- Description of the task: The lines from the top of the data down to the line with "doc.layers.add(name, color=color, linetype=linetype)" should be repeated exactly, both ends included.

- Data items:
------------------------------------------------
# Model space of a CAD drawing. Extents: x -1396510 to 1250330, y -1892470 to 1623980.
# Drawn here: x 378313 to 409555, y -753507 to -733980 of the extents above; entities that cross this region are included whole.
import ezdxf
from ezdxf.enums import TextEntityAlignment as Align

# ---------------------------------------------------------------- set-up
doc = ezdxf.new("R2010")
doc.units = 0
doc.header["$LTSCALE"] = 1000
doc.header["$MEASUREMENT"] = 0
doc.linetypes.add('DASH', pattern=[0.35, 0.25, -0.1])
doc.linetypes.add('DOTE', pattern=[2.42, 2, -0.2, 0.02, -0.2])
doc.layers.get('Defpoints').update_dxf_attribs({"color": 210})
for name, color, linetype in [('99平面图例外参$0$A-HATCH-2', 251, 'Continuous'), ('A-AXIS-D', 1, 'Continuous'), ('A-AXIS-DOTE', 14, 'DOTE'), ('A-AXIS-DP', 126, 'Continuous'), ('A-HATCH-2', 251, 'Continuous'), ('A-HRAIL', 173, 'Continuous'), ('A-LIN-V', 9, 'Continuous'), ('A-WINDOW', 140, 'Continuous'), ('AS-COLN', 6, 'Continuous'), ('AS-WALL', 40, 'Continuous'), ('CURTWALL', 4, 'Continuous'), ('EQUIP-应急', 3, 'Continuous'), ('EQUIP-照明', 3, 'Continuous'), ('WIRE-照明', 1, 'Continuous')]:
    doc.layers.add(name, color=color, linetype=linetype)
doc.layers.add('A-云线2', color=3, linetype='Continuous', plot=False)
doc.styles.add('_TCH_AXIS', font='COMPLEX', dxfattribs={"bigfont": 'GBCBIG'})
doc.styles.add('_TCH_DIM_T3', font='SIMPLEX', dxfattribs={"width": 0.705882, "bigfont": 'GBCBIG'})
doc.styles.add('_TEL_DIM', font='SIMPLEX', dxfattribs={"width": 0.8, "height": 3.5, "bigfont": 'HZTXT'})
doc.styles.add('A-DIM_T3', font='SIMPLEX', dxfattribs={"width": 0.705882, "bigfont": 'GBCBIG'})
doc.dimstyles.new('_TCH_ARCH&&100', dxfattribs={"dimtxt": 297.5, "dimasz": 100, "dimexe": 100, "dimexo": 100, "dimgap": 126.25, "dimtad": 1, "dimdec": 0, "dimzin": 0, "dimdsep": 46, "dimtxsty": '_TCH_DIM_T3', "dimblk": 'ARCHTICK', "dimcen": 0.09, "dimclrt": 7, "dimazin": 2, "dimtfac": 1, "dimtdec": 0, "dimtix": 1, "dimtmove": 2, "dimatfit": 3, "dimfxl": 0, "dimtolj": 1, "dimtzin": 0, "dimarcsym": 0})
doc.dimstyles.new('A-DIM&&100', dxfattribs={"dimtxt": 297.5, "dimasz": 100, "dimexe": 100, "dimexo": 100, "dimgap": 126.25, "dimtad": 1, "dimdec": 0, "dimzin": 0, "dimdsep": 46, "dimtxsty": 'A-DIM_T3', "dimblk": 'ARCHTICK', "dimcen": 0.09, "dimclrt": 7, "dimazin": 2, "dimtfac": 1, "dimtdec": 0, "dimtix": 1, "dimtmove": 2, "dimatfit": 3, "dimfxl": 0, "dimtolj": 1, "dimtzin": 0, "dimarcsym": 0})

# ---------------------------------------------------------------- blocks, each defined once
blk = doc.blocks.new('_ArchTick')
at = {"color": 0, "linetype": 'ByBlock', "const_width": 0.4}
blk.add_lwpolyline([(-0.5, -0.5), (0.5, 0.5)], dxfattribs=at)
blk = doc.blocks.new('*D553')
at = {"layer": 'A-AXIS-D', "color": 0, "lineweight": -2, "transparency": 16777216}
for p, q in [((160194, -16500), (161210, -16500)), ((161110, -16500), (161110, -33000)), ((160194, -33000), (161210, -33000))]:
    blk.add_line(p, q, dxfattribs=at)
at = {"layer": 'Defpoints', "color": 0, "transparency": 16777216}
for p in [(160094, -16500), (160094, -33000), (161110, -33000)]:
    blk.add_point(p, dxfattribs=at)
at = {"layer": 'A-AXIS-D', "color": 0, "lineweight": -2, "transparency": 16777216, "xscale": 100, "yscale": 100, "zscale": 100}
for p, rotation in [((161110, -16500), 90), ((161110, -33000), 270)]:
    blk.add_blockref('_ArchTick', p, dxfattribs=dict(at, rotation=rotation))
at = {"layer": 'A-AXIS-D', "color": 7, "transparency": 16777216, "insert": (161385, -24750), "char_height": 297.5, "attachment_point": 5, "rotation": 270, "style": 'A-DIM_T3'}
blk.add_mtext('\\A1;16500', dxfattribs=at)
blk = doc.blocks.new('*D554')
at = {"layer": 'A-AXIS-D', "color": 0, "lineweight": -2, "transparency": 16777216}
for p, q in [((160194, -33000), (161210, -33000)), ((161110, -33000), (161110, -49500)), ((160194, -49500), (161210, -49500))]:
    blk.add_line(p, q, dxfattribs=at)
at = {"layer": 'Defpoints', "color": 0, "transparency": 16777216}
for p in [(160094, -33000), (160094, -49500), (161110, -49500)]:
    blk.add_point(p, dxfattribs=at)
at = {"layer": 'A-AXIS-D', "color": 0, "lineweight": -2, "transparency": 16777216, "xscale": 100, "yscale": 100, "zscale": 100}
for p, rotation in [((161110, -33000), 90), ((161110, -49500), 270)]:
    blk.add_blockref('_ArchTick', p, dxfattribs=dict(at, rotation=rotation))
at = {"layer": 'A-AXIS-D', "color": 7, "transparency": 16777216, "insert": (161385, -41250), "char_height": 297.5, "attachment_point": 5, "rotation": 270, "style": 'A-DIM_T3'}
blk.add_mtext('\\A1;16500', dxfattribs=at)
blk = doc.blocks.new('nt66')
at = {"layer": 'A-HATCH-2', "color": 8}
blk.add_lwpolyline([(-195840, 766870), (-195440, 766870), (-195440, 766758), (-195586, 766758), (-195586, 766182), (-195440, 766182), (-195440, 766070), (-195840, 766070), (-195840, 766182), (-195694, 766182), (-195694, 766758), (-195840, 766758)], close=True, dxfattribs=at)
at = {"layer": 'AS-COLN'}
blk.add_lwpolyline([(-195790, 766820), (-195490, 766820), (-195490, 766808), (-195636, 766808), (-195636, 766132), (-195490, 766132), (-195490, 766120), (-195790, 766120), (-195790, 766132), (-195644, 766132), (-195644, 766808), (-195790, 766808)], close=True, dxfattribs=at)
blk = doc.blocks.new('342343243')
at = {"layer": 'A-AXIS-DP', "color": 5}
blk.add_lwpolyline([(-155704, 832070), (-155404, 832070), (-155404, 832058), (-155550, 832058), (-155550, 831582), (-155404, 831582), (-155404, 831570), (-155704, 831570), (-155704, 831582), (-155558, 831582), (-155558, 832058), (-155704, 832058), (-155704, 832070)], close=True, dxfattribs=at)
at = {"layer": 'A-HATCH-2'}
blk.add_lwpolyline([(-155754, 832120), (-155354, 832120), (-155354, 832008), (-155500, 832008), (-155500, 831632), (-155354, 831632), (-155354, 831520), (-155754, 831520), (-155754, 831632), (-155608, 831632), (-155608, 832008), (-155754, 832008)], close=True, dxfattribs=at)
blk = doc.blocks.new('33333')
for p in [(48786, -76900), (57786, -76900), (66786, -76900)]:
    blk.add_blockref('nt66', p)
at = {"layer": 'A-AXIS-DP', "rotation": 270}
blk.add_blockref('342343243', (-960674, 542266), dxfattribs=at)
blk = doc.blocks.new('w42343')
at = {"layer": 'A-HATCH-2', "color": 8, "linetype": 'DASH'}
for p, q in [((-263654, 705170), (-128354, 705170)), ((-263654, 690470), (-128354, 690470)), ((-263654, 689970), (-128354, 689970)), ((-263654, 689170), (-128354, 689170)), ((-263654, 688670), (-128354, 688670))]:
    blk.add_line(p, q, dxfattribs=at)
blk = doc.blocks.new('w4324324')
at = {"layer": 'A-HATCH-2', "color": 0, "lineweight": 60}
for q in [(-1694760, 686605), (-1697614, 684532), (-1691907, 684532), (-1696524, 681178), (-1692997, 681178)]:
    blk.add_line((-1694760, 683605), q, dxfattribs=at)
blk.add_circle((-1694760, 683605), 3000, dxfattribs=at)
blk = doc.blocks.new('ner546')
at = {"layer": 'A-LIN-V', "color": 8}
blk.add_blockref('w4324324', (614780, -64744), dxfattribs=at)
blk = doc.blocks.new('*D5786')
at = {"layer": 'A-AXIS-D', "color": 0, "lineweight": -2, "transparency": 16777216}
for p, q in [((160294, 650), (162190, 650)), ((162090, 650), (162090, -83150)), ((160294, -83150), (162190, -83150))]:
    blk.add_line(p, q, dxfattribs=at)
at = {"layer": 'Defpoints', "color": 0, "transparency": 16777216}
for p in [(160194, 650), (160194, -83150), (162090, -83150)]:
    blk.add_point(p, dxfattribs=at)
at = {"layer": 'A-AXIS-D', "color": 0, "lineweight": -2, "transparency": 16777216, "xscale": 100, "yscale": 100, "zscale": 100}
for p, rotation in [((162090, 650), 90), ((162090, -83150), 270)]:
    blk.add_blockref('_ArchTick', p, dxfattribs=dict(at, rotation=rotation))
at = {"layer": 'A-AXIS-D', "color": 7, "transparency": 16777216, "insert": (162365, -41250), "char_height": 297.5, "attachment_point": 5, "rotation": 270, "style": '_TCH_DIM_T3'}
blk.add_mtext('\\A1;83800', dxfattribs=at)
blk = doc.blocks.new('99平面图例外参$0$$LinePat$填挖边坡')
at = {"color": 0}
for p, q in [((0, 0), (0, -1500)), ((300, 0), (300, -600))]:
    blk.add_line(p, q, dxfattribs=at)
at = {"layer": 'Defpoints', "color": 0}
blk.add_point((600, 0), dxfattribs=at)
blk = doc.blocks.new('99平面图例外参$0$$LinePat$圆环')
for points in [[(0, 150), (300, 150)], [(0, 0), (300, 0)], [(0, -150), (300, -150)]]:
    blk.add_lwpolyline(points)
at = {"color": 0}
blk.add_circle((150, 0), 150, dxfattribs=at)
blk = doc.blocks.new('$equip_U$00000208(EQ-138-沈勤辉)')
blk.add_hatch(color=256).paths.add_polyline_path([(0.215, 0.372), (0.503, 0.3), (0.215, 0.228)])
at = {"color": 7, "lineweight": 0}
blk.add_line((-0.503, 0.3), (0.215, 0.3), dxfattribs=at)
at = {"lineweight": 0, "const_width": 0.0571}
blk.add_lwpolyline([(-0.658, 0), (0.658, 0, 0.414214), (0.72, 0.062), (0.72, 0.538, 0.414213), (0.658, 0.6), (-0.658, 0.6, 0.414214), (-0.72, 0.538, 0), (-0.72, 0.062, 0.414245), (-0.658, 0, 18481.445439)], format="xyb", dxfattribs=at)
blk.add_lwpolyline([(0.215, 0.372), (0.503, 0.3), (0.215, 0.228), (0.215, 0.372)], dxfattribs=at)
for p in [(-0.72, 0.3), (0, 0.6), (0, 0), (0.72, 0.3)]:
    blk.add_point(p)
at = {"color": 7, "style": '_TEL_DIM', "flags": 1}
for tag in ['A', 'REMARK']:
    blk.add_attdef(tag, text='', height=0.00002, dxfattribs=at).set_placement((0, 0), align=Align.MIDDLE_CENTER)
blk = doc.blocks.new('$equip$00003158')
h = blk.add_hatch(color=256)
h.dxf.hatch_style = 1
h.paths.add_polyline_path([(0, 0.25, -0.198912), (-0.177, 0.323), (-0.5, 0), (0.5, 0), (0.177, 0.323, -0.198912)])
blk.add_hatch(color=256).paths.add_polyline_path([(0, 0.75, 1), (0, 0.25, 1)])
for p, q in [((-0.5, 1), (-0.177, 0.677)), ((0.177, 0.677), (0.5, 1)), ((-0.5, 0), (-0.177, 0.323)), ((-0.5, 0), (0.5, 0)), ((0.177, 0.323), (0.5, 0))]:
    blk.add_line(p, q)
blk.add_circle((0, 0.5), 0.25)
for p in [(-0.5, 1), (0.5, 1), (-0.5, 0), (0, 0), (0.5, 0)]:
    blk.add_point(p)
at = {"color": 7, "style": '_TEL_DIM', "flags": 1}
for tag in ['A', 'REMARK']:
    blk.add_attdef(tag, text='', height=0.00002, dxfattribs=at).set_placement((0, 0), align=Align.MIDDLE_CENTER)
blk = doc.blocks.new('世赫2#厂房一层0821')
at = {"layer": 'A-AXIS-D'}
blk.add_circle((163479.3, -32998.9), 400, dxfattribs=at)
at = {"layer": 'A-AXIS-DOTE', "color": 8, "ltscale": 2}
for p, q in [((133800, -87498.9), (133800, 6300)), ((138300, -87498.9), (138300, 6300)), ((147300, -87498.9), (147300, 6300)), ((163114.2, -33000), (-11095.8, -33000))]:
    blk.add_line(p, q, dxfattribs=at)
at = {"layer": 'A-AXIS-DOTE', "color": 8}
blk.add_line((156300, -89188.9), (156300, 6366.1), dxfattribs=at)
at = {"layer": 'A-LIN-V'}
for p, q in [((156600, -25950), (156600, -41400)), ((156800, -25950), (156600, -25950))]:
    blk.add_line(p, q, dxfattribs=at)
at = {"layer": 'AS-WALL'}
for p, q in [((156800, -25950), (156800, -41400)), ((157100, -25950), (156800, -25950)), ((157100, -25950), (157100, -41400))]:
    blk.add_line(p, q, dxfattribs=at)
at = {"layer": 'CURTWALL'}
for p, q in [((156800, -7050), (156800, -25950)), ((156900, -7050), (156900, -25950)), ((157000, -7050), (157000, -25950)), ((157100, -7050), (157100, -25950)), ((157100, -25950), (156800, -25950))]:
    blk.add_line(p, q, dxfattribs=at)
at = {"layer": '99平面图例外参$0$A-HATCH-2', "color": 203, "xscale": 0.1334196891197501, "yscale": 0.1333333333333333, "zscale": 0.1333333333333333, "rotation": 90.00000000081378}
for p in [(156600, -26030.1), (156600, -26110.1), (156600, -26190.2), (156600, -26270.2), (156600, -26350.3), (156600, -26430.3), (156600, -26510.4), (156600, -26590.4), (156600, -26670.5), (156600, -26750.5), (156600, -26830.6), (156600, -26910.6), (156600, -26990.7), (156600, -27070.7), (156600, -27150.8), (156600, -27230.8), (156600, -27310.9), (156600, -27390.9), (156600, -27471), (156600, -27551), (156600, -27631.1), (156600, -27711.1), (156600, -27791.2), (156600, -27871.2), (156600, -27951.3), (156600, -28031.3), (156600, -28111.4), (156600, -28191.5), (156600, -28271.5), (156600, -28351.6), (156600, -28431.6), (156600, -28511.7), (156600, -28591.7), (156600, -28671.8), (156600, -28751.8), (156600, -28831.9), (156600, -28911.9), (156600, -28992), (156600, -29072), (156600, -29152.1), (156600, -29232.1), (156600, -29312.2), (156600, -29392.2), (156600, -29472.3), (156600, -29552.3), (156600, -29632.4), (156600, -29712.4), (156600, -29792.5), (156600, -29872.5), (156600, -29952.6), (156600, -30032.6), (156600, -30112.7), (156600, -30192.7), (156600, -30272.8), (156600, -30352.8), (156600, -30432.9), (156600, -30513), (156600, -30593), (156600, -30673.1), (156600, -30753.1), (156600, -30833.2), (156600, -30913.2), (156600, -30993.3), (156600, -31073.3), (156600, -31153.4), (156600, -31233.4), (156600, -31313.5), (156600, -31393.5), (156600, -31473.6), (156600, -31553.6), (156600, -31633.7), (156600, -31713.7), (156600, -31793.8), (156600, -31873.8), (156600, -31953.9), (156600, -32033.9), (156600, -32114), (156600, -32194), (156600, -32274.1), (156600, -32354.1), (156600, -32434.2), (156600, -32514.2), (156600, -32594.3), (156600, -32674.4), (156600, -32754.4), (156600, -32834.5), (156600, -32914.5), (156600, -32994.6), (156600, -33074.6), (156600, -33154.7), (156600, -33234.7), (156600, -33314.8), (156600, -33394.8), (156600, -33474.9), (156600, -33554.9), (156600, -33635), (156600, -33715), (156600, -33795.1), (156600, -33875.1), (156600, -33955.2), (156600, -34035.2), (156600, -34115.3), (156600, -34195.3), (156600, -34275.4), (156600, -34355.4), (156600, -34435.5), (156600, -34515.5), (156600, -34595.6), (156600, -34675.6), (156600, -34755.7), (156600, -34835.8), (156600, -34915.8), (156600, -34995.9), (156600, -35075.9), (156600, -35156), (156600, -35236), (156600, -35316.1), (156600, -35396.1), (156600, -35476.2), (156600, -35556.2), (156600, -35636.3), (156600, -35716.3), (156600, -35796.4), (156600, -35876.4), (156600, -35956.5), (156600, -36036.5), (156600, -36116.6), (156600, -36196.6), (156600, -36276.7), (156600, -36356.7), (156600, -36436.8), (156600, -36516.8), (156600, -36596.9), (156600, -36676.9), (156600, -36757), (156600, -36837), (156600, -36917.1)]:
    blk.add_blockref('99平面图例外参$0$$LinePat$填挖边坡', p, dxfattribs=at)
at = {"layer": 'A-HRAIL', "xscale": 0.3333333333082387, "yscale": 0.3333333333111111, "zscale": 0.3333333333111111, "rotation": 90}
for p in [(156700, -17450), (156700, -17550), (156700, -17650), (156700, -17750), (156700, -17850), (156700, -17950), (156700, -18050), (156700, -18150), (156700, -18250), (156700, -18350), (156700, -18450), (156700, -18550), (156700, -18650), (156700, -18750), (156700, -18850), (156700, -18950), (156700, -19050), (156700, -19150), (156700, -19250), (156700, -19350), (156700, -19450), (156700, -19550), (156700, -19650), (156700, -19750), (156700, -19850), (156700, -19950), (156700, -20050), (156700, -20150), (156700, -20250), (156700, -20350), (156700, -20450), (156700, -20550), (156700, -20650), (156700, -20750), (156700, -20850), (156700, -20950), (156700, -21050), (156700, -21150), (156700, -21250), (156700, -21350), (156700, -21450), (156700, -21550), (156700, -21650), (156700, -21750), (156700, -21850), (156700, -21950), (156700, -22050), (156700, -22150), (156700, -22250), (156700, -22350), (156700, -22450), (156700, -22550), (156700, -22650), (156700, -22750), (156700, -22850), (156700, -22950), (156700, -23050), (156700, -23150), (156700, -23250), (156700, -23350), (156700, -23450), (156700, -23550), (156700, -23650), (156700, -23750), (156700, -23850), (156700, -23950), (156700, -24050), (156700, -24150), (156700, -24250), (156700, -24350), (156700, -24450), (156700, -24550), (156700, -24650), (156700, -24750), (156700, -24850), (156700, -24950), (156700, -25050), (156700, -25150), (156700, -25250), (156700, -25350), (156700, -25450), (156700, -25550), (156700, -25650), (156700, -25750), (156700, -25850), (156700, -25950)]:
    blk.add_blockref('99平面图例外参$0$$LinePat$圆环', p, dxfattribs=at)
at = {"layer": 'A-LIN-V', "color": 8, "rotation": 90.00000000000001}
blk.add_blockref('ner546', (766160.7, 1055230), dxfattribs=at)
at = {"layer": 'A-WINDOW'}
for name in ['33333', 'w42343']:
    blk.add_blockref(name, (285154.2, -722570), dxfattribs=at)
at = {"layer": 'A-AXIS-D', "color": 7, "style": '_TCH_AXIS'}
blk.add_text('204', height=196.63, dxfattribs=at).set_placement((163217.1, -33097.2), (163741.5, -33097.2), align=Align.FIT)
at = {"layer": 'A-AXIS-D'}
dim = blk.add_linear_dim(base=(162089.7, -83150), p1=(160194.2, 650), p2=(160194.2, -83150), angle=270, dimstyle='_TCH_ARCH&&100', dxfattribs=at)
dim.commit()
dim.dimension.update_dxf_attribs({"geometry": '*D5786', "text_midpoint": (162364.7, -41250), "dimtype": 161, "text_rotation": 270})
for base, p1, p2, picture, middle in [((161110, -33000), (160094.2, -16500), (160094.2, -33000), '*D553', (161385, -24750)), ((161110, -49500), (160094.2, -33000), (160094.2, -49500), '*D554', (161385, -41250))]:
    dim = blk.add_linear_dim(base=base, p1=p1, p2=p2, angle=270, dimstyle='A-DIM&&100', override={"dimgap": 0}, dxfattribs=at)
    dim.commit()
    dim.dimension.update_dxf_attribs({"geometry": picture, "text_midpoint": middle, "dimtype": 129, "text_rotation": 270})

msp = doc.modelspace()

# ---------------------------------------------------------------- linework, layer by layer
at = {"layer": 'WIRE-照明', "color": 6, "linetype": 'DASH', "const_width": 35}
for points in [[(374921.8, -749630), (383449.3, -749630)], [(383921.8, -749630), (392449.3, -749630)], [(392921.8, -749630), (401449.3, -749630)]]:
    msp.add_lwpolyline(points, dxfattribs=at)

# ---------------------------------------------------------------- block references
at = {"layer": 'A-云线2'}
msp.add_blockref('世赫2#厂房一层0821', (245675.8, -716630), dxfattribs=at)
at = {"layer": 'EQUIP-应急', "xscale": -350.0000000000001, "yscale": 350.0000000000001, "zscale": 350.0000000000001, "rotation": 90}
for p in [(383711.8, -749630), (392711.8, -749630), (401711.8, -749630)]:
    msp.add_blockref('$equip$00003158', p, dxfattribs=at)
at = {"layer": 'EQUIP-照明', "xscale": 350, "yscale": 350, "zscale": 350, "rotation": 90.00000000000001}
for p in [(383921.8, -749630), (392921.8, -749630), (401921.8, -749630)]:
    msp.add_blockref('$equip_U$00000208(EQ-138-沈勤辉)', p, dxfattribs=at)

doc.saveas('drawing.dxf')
------------------------------------------------
- Answer space:
# Model space of a CAD drawing. Extents: x -1396510 to 1250330, y -1892470 to 1623980.
# Drawn here: x 378313 to 409555, y -753507 to -733980 of the extents above; entities that cross this region are included whole.
import ezdxf
from ezdxf.enums import TextEntityAlignment as Align

# ---------------------------------------------------------------- set-up
doc = ezdxf.new("R2010")
doc.units = 0
doc.header["$LTSCALE"] = 1000
doc.header["$MEASUREMENT"] = 0
doc.linetypes.add('DASH', pattern=[0.35, 0.25, -0.1])
doc.linetypes.add('DOTE', pattern=[2.42, 2, -0.2, 0.02, -0.2])
doc.layers.get('Defpoints').update_dxf_attribs({"color": 210})
for name, color, linetype in [('99平面图例外参$0$A-HATCH-2', 251, 'Continuous'), ('A-AXIS-D', 1, 'Continuous'), ('A-AXIS-DOTE', 14, 'DOTE'), ('A-AXIS-DP', 126, 'Continuous'), ('A-HATCH-2', 251, 'Continuous'), ('A-HRAIL', 173, 'Continuous'), ('A-LIN-V', 9, 'Continuous'), ('A-WINDOW', 140, 'Continuous'), ('AS-COLN', 6, 'Continuous'), ('AS-WALL', 40, 'Continuous'), ('CURTWALL', 4, 'Continuous'), ('EQUIP-应急', 3, 'Continuous'), ('EQUIP-照明', 3, 'Continuous'), ('WIRE-照明', 1, 'Continuous')]:
    doc.layers.add(name, color=color, linetype=linetype)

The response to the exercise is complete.